## EXTRACTED INFORMATION
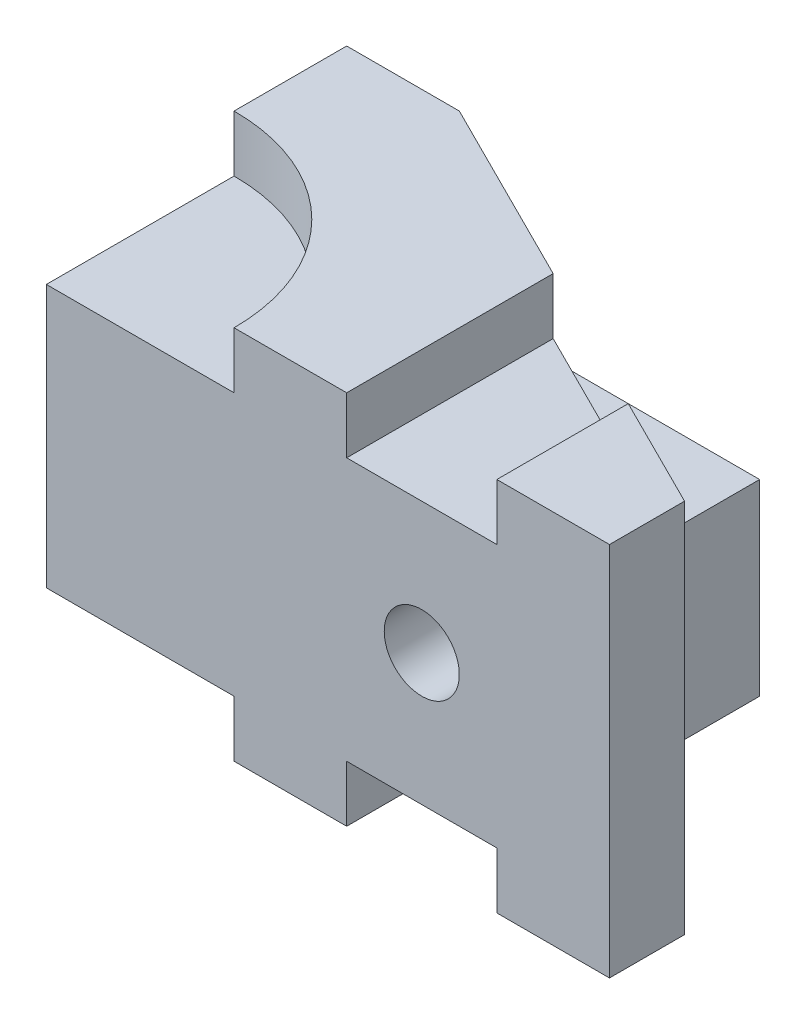
ISO-10303-21;
HEADER;
FILE_DESCRIPTION(('STEP AP214'),'2;1');
FILE_NAME('part.step','',(''),(''),'','','');
FILE_SCHEMA(('AUTOMOTIVE_DESIGN { 1 0 10303 214 1 1 1 1 }'));
ENDSEC;
DATA;
#1=APPLICATION_CONTEXT('core data for automotive mechanical design processes');
#2=APPLICATION_PROTOCOL_DEFINITION('international standard','automotive_design',2000,#1);
#3=PRODUCT_CONTEXT('',#1,'mechanical');
#4=PRODUCT('Part','Part','',(#3));
#5=PRODUCT_RELATED_PRODUCT_CATEGORY('part','',(#4));
#6=PRODUCT_DEFINITION_FORMATION('','',#4);
#7=PRODUCT_DEFINITION_CONTEXT('part definition',#1,'design');
#8=PRODUCT_DEFINITION('design','',#6,#7);
#9=PRODUCT_DEFINITION_SHAPE('','',#8);
#10=(LENGTH_UNIT() NAMED_UNIT(*) SI_UNIT(.MILLI.,.METRE.));
#11=(NAMED_UNIT(*) PLANE_ANGLE_UNIT() SI_UNIT($,.RADIAN.));
#12=(NAMED_UNIT(*) SI_UNIT($,.STERADIAN.) SOLID_ANGLE_UNIT());
#13=UNCERTAINTY_MEASURE_WITH_UNIT(LENGTH_MEASURE(1.E-05),#10,'distance_accuracy_value','');
#14=(GEOMETRIC_REPRESENTATION_CONTEXT(3) GLOBAL_UNCERTAINTY_ASSIGNED_CONTEXT((#13)) GLOBAL_UNIT_ASSIGNED_CONTEXT((#10,
#11,#12)) REPRESENTATION_CONTEXT('',''));
#15=CARTESIAN_POINT('',(0.,0.,0.));
#16=DIRECTION('',(0.,0.,1.));
#17=DIRECTION('',(1.,0.,0.));
#18=AXIS2_PLACEMENT_3D('',#15,#16,#17);
#19=CARTESIAN_POINT('',(-75.,100.,0.));
#20=DIRECTION('',(-1.,0.,0.));
#21=DIRECTION('',(0.,0.,1.));
#22=AXIS2_PLACEMENT_3D('',#19,#20,#21);
#23=PLANE('',#22);
#24=DIRECTION('',(0.,1.,0.));
#25=VECTOR('',#24,1.);
#26=CARTESIAN_POINT('',(-75.,65.,-20.));
#27=LINE('',#26,#25);
#28=CARTESIAN_POINT('',(-75.,35.,-20.));
#29=VERTEX_POINT('',#28);
#30=CARTESIAN_POINT('',(-75.,65.,-20.));
#31=VERTEX_POINT('',#30);
#32=EDGE_CURVE('E221',#29,#31,#27,.T.);
#33=ORIENTED_EDGE('',*,*,#32,.F.);
#34=DIRECTION('',(0.,0.,1.));
#35=VECTOR('',#34,1.);
#36=CARTESIAN_POINT('',(-75.,35.,-40.));
#37=LINE('',#36,#35);
#38=CARTESIAN_POINT('',(-75.,35.,-40.));
#39=VERTEX_POINT('',#38);
#40=EDGE_CURVE('E210',#39,#29,#37,.T.);
#41=ORIENTED_EDGE('',*,*,#40,.F.);
#42=DIRECTION('',(0.,-1.,0.));
#43=VECTOR('',#42,1.);
#44=CARTESIAN_POINT('',(-75.,100.,-40.));
#45=LINE('',#44,#43);
#46=CARTESIAN_POINT('',(-75.,0.,-40.));
#47=VERTEX_POINT('',#46);
#48=EDGE_CURVE('E219',#39,#47,#45,.T.);
#49=ORIENTED_EDGE('',*,*,#48,.T.);
#50=DIRECTION('',(0.,0.,-1.));
#51=VECTOR('',#50,1.);
#52=CARTESIAN_POINT('',(-75.,0.,0.));
#53=LINE('',#52,#51);
#54=CARTESIAN_POINT('',(-75.,0.,-10.));
#55=VERTEX_POINT('',#54);
#56=EDGE_CURVE('E377',#55,#47,#53,.T.);
#57=ORIENTED_EDGE('',*,*,#56,.F.);
#58=DIRECTION('',(0.,-1.,0.));
#59=VECTOR('',#58,1.);
#60=CARTESIAN_POINT('',(-75.,15.,-10.));
#61=LINE('',#60,#59);
#62=CARTESIAN_POINT('',(-75.,15.,-10.));
#63=VERTEX_POINT('',#62);
#64=EDGE_CURVE('E69',#55,#63,#61,.F.);
#65=ORIENTED_EDGE('',*,*,#64,.T.);
#66=DIRECTION('',(0.,0.,1.));
#67=VECTOR('',#66,1.);
#68=CARTESIAN_POINT('',(-75.,15.,0.));
#69=LINE('',#68,#67);
#70=CARTESIAN_POINT('',(-75.,15.,40.));
#71=VERTEX_POINT('',#70);
#72=EDGE_CURVE('E267',#63,#71,#69,.T.);
#73=ORIENTED_EDGE('',*,*,#72,.T.);
#74=DIRECTION('',(0.,-1.,0.));
#75=VECTOR('',#74,1.);
#76=CARTESIAN_POINT('',(-75.,100.,40.));
#77=LINE('',#76,#75);
#78=CARTESIAN_POINT('',(-75.,85.,40.));
#79=VERTEX_POINT('',#78);
#80=EDGE_CURVE('E231',#79,#71,#77,.T.);
#81=ORIENTED_EDGE('',*,*,#80,.F.);
#82=DIRECTION('',(0.,0.,-1.));
#83=VECTOR('',#82,1.);
#84=CARTESIAN_POINT('',(-75.,85.,0.));
#85=LINE('',#84,#83);
#86=CARTESIAN_POINT('',(-75.,85.,-10.));
#87=VERTEX_POINT('',#86);
#88=EDGE_CURVE('E286',#79,#87,#85,.T.);
#89=ORIENTED_EDGE('',*,*,#88,.T.);
#90=DIRECTION('',(0.,1.,0.));
#91=VECTOR('',#90,1.);
#92=CARTESIAN_POINT('',(-75.,85.,-10.));
#93=LINE('',#92,#91);
#94=CARTESIAN_POINT('',(-75.,100.,-10.));
#95=VERTEX_POINT('',#94);
#96=EDGE_CURVE('E291',#95,#87,#93,.F.);
#97=ORIENTED_EDGE('',*,*,#96,.F.);
#98=DIRECTION('',(0.,0.,-1.));
#99=VECTOR('',#98,1.);
#100=CARTESIAN_POINT('',(-75.,100.,0.));
#101=LINE('',#100,#99);
#102=CARTESIAN_POINT('',(-75.,100.,-40.));
#103=VERTEX_POINT('',#102);
#104=EDGE_CURVE('E358',#95,#103,#101,.T.);
#105=ORIENTED_EDGE('',*,*,#104,.T.);
#106=CARTESIAN_POINT('',(-75.,65.,-40.));
#107=VERTEX_POINT('',#106);
#108=EDGE_CURVE('E230',#103,#107,#45,.T.);
#109=ORIENTED_EDGE('',*,*,#108,.T.);
#110=DIRECTION('',(0.,0.,1.));
#111=VECTOR('',#110,1.);
#112=CARTESIAN_POINT('',(-75.,65.,-40.));
#113=LINE('',#112,#111);
#114=EDGE_CURVE('E61',#107,#31,#113,.T.);
#115=ORIENTED_EDGE('',*,*,#114,.T.);
#116=EDGE_LOOP('',(#33,#41,#49,#57,#65,#73,#81,#89,#97,#105,#109,#115));
#117=FACE_BOUND('',#116,.T.);
#118=ADVANCED_FACE('F45',(#117),#23,.T.);
#119=CARTESIAN_POINT('',(7.,100.,-14.));
#120=DIRECTION('',(0.447213595499958,0.,-0.894427190999916));
#121=DIRECTION('',(-0.894427190999916,0.,-0.447213595499958));
#122=AXIS2_PLACEMENT_3D('',#119,#120,#121);
#123=PLANE('',#122);
#124=DIRECTION('',(0.,-1.,0.));
#125=VECTOR('',#124,1.);
#126=CARTESIAN_POINT('',(-45.,100.,-40.));
#127=LINE('',#126,#125);
#128=CARTESIAN_POINT('',(-45.,35.,-40.));
#129=VERTEX_POINT('',#128);
#130=CARTESIAN_POINT('',(-45.,0.,-40.));
#131=VERTEX_POINT('',#130);
#132=EDGE_CURVE('E236',#129,#131,#127,.T.);
#133=ORIENTED_EDGE('',*,*,#132,.F.);
#134=DIRECTION('',(0.894427190999916,0.,0.447213595499958));
#135=VECTOR('',#134,1.);
#136=CARTESIAN_POINT('',(7.,35.,-14.));
#137=LINE('',#136,#135);
#138=CARTESIAN_POINT('',(-4.99999999999998,35.,-20.));
#139=VERTEX_POINT('',#138);
#140=EDGE_CURVE('E213',#129,#139,#137,.T.);
#141=ORIENTED_EDGE('',*,*,#140,.T.);
#142=DIRECTION('',(0.,-1.,0.));
#143=VECTOR('',#142,1.);
#144=CARTESIAN_POINT('',(-4.99999999999998,100.,-20.));
#145=LINE('',#144,#143);
#146=CARTESIAN_POINT('',(-4.99999999999998,25.,-20.));
#147=VERTEX_POINT('',#146);
#148=EDGE_CURVE('E246',#139,#147,#145,.T.);
#149=ORIENTED_EDGE('',*,*,#148,.T.);
#150=DIRECTION('',(0.894427190999916,0.,0.447213595499958));
#151=VECTOR('',#150,1.);
#152=CARTESIAN_POINT('',(-4.99999999999998,25.,-20.));
#153=LINE('',#152,#151);
#154=CARTESIAN_POINT('',(55.,25.,10.));
#155=VERTEX_POINT('',#154);
#156=EDGE_CURVE('E456',#147,#155,#153,.T.);
#157=ORIENTED_EDGE('',*,*,#156,.T.);
#158=DIRECTION('',(0.,-1.,0.));
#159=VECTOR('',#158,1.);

## TASK DIRECTIONS
In the material above, find the line containing "#98=DIRECTION('',(0.,0.,-1.));" and the line containing "#152=CARTESIAN_POINT('',(-4.99999999999998,25.,-20.));", then write out exactly those two lines and every line between them, and nothing more.

## OUTPUT FOR THIS TASK
#98=DIRECTION('',(0.,0.,-1.));
#99=VECTOR('',#98,1.);
#100=CARTESIAN_POINT('',(-75.,100.,0.));
#101=LINE('',#100,#99);
#102=CARTESIAN_POINT('',(-75.,100.,-40.));
#103=VERTEX_POINT('',#102);
#104=EDGE_CURVE('E358',#95,#103,#101,.T.);
#105=ORIENTED_EDGE('',*,*,#104,.T.);
#106=CARTESIAN_POINT('',(-75.,65.,-40.));
#107=VERTEX_POINT('',#106);
#108=EDGE_CURVE('E230',#103,#107,#45,.T.);
#109=ORIENTED_EDGE('',*,*,#108,.T.);
#110=DIRECTION('',(0.,0.,1.));
#111=VECTOR('',#110,1.);
#112=CARTESIAN_POINT('',(-75.,65.,-40.));
#113=LINE('',#112,#111);
#114=EDGE_CURVE('E61',#107,#31,#113,.T.);
#115=ORIENTED_EDGE('',*,*,#114,.T.);
#116=EDGE_LOOP('',(#33,#41,#49,#57,#65,#73,#81,#89,#97,#105,#109,#115));
#117=FACE_BOUND('',#116,.T.);
#118=ADVANCED_FACE('F45',(#117),#23,.T.);
#119=CARTESIAN_POINT('',(7.,100.,-14.));
#120=DIRECTION('',(0.447213595499958,0.,-0.894427190999916));
#121=DIRECTION('',(-0.894427190999916,0.,-0.447213595499958));
#122=AXIS2_PLACEMENT_3D('',#119,#120,#121);
#123=PLANE('',#122);
#124=DIRECTION('',(0.,-1.,0.));
#125=VECTOR('',#124,1.);
#126=CARTESIAN_POINT('',(-45.,100.,-40.));
#127=LINE('',#126,#125);
#128=CARTESIAN_POINT('',(-45.,35.,-40.));
#129=VERTEX_POINT('',#128);
#130=CARTESIAN_POINT('',(-45.,0.,-40.));
#131=VERTEX_POINT('',#130);
#132=EDGE_CURVE('E236',#129,#131,#127,.T.);
#133=ORIENTED_EDGE('',*,*,#132,.F.);
#134=DIRECTION('',(0.894427190999916,0.,0.447213595499958));
#135=VECTOR('',#134,1.);
#136=CARTESIAN_POINT('',(7.,35.,-14.));
#137=LINE('',#136,#135);
#138=CARTESIAN_POINT('',(-4.99999999999998,35.,-20.));
#139=VERTEX_POINT('',#138);
#140=EDGE_CURVE('E213',#129,#139,#137,.T.);
#141=ORIENTED_EDGE('',*,*,#140,.T.);
#142=DIRECTION('',(0.,-1.,0.));
#143=VECTOR('',#142,1.);
#144=CARTESIAN_POINT('',(-4.99999999999998,100.,-20.));
#145=LINE('',#144,#143);
#146=CARTESIAN_POINT('',(-4.99999999999998,25.,-20.));
#147=VERTEX_POINT('',#146);
#148=EDGE_CURVE('E246',#139,#147,#145,.T.);
#149=ORIENTED_EDGE('',*,*,#148,.T.);
#150=DIRECTION('',(0.894427190999916,0.,0.447213595499958));
#151=VECTOR('',#150,1.);
#152=CARTESIAN_POINT('',(-4.99999999999998,25.,-20.));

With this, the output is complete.